Changes the way Offers are ranked in order books, so that currency issuers can configure how many significant digits are taken into account when ranking Offers by exchange rate. With this amendment, the exchange rates of Offers are rounded to the configured number of significant digits, so that more Offers have the same exact exchange rate. The intent of this change is to require a meaningful improvement in price to outrank a previous Offer. If used by major issuers, this should reduce the incentive to spam the ledger with Offers that are only a tiny fraction of a percentage point better than existing offers.
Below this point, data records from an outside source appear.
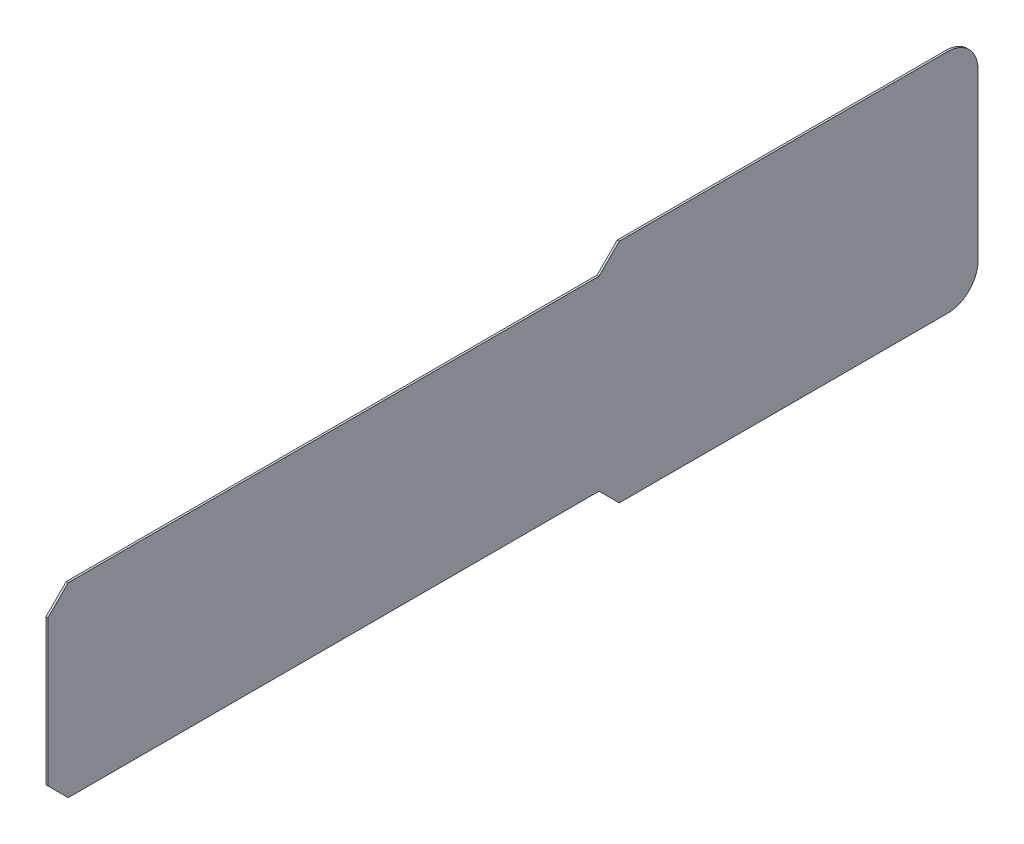
ISO-10303-21;
HEADER;
FILE_DESCRIPTION(('STEP AP214'),'2;1');
FILE_NAME('part.step','',(''),(''),'','','');
FILE_SCHEMA(('AUTOMOTIVE_DESIGN { 1 0 10303 214 1 1 1 1 }'));
ENDSEC;
DATA;
#1=APPLICATION_CONTEXT('core data for automotive mechanical design processes');
#2=APPLICATION_PROTOCOL_DEFINITION('international standard','automotive_design',2000,#1);
#3=PRODUCT_CONTEXT('',#1,'mechanical');
#4=PRODUCT('Part','Part','',(#3));
#5=PRODUCT_RELATED_PRODUCT_CATEGORY('part','',(#4));
#6=PRODUCT_DEFINITION_FORMATION('','',#4);
#7=PRODUCT_DEFINITION_CONTEXT('part definition',#1,'design');
#8=PRODUCT_DEFINITION('design','',#6,#7);
#9=PRODUCT_DEFINITION_SHAPE('','',#8);
#10=(LENGTH_UNIT() NAMED_UNIT(*) SI_UNIT(.MILLI.,.METRE.));
#11=(NAMED_UNIT(*) PLANE_ANGLE_UNIT() SI_UNIT($,.RADIAN.));
#12=(NAMED_UNIT(*) SI_UNIT($,.STERADIAN.) SOLID_ANGLE_UNIT());
#13=UNCERTAINTY_MEASURE_WITH_UNIT(LENGTH_MEASURE(1.E-05),#10,'distance_accuracy_value','');
#14=(GEOMETRIC_REPRESENTATION_CONTEXT(3) GLOBAL_UNCERTAINTY_ASSIGNED_CONTEXT((#13)) GLOBAL_UNIT_ASSIGNED_CONTEXT((#10,
#11,#12)) REPRESENTATION_CONTEXT('',''));
#15=CARTESIAN_POINT('',(0.,0.,0.));
#16=DIRECTION('',(0.,0.,1.));
#17=DIRECTION('',(1.,0.,0.));
#18=AXIS2_PLACEMENT_3D('',#15,#16,#17);
#19=CARTESIAN_POINT('',(-0.2,-35.603076923077,-25.6615384615385));
#20=DIRECTION('',(1.,0.,0.));
#21=DIRECTION('',(0.,0.,-1.));
#22=AXIS2_PLACEMENT_3D('',#19,#20,#21);
#23=CYLINDRICAL_SURFACE('',#22,3.);
#24=DIRECTION('',(1.,0.,0.));
#25=VECTOR('',#24,1.);
#26=CARTESIAN_POINT('',(-0.2,-35.603076923077,-28.6615384615385));
#27=LINE('',#26,#25);
#28=CARTESIAN_POINT('',(-0.2,-35.603076923077,-28.6615384615385));
#29=VERTEX_POINT('',#28);
#30=CARTESIAN_POINT('',(0.,-35.603076923077,-28.6615384615385));
#31=VERTEX_POINT('',#30);
#32=EDGE_CURVE('E189',#29,#31,#27,.T.);
#33=ORIENTED_EDGE('',*,*,#32,.F.);
#34=CARTESIAN_POINT('',(-0.2,-35.603076923077,-25.6615384615385));
#35=DIRECTION('',(1.,0.,0.));
#36=DIRECTION('',(0.,0.,-1.));
#37=AXIS2_PLACEMENT_3D('',#34,#35,#36);
#38=CIRCLE('',#37,3.);
#39=CARTESIAN_POINT('',(-0.2,-32.603076923077,-25.6615384615385));
#40=VERTEX_POINT('',#39);
#41=EDGE_CURVE('E39',#40,#29,#38,.F.);
#42=ORIENTED_EDGE('',*,*,#41,.F.);
#43=DIRECTION('',(1.,0.,0.));
#44=VECTOR('',#43,1.);
#45=CARTESIAN_POINT('',(-0.2,-32.603076923077,-25.6615384615385));
#46=LINE('',#45,#44);
#47=CARTESIAN_POINT('',(0.,-32.603076923077,-25.6615384615385));
#48=VERTEX_POINT('',#47);
#49=EDGE_CURVE('E192',#48,#40,#46,.F.);
#50=ORIENTED_EDGE('',*,*,#49,.F.);
#51=CARTESIAN_POINT('',(0.,-35.603076923077,-25.6615384615385));
#52=DIRECTION('',(1.,0.,0.));
#53=DIRECTION('',(0.,0.,-1.));
#54=AXIS2_PLACEMENT_3D('',#51,#52,#53);
#55=CIRCLE('',#54,3.);
#56=EDGE_CURVE('E11',#31,#48,#55,.T.);
#57=ORIENTED_EDGE('',*,*,#56,.F.);
#58=EDGE_LOOP('',(#33,#42,#50,#57));
#59=FACE_BOUND('',#58,.T.);
#60=ADVANCED_FACE('F32',(#59),#23,.T.);
#61=CARTESIAN_POINT('',(-0.2,-52.0230769230769,-25.6615384615385));
#62=DIRECTION('',(1.,0.,0.));
#63=DIRECTION('',(0.,0.,-1.));
#64=AXIS2_PLACEMENT_3D('',#61,#62,#63);
#65=CYLINDRICAL_SURFACE('',#64,3.);
#66=DIRECTION('',(-1.,0.,0.));
#67=VECTOR('',#66,1.);
#68=CARTESIAN_POINT('',(-0.2,-52.0230769230769,-28.6615384615385));
#69=LINE('',#68,#67);
#70=CARTESIAN_POINT('',(0.,-52.0230769230769,-28.6615384615385));
#71=VERTEX_POINT('',#70);
#72=CARTESIAN_POINT('',(-0.2,-52.0230769230769,-28.6615384615385));
#73=VERTEX_POINT('',#72);
#74=EDGE_CURVE('E171',#71,#73,#69,.T.);
#75=ORIENTED_EDGE('',*,*,#74,.F.);
#76=CARTESIAN_POINT('',(0.,-52.0230769230769,-25.6615384615385));
#77=DIRECTION('',(1.,0.,0.));
#78=DIRECTION('',(0.,0.,-1.));
#79=AXIS2_PLACEMENT_3D('',#76,#77,#78);
#80=CIRCLE('',#79,3.);
#81=CARTESIAN_POINT('',(0.,-55.0230769230769,-25.6615384615385));
#82=VERTEX_POINT('',#81);
#83=EDGE_CURVE('E185',#82,#71,#80,.T.);
#84=ORIENTED_EDGE('',*,*,#83,.F.);
#85=DIRECTION('',(-1.,0.,0.));
#86=VECTOR('',#85,1.);
#87=CARTESIAN_POINT('',(-0.2,-55.0230769230769,-25.6615384615385));
#88=LINE('',#87,#86);
#89=CARTESIAN_POINT('',(-0.2,-55.0230769230769,-25.6615384615385));
#90=VERTEX_POINT('',#89);
#91=EDGE_CURVE('E182',#90,#82,#88,.F.);
#92=ORIENTED_EDGE('',*,*,#91,.F.);
#93=CARTESIAN_POINT('',(-0.2,-52.0230769230769,-25.6615384615385));
#94=DIRECTION('',(1.,0.,0.));
#95=DIRECTION('',(0.,0.,-1.));
#96=AXIS2_PLACEMENT_3D('',#93,#94,#95);
#97=CIRCLE('',#96,3.);
#98=EDGE_CURVE('E187',#73,#90,#97,.F.);
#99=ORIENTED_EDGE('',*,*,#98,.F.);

It may also increase the efficiency of order book storage in the ledger, because Offers can be grouped into fewer exchange rates.

Introduces a TickSize field to accounts, which can be set with the AccountSet transaction type. If a currency issuer sets the TickSize field, the Ripple Consensus Ledger truncates the exchange rate (ratio of funds in to funds out) of Offers to trade the issuer's currency, and adjusts the amounts of the Offer to match the truncated exchange rate. If only one currency in the trade has a TickSize set, that number of significant digits applies. When trading two currencies that have different TickSize values, whichever TickSize indicates the fewest significant digits applies. XRP does not have a TickSize.


Amendment ID Status
C1B8D934087225F509BEB5A8EC24447854713EE447D277F69545ABFA0E0FD490 In development

Introduces Tickets as a way to reserve a transaction sequence number for later execution. Creates the Ticket ledger node type and the transaction types TicketCreate and TicketCancel.

Caution: This amendment is still in development.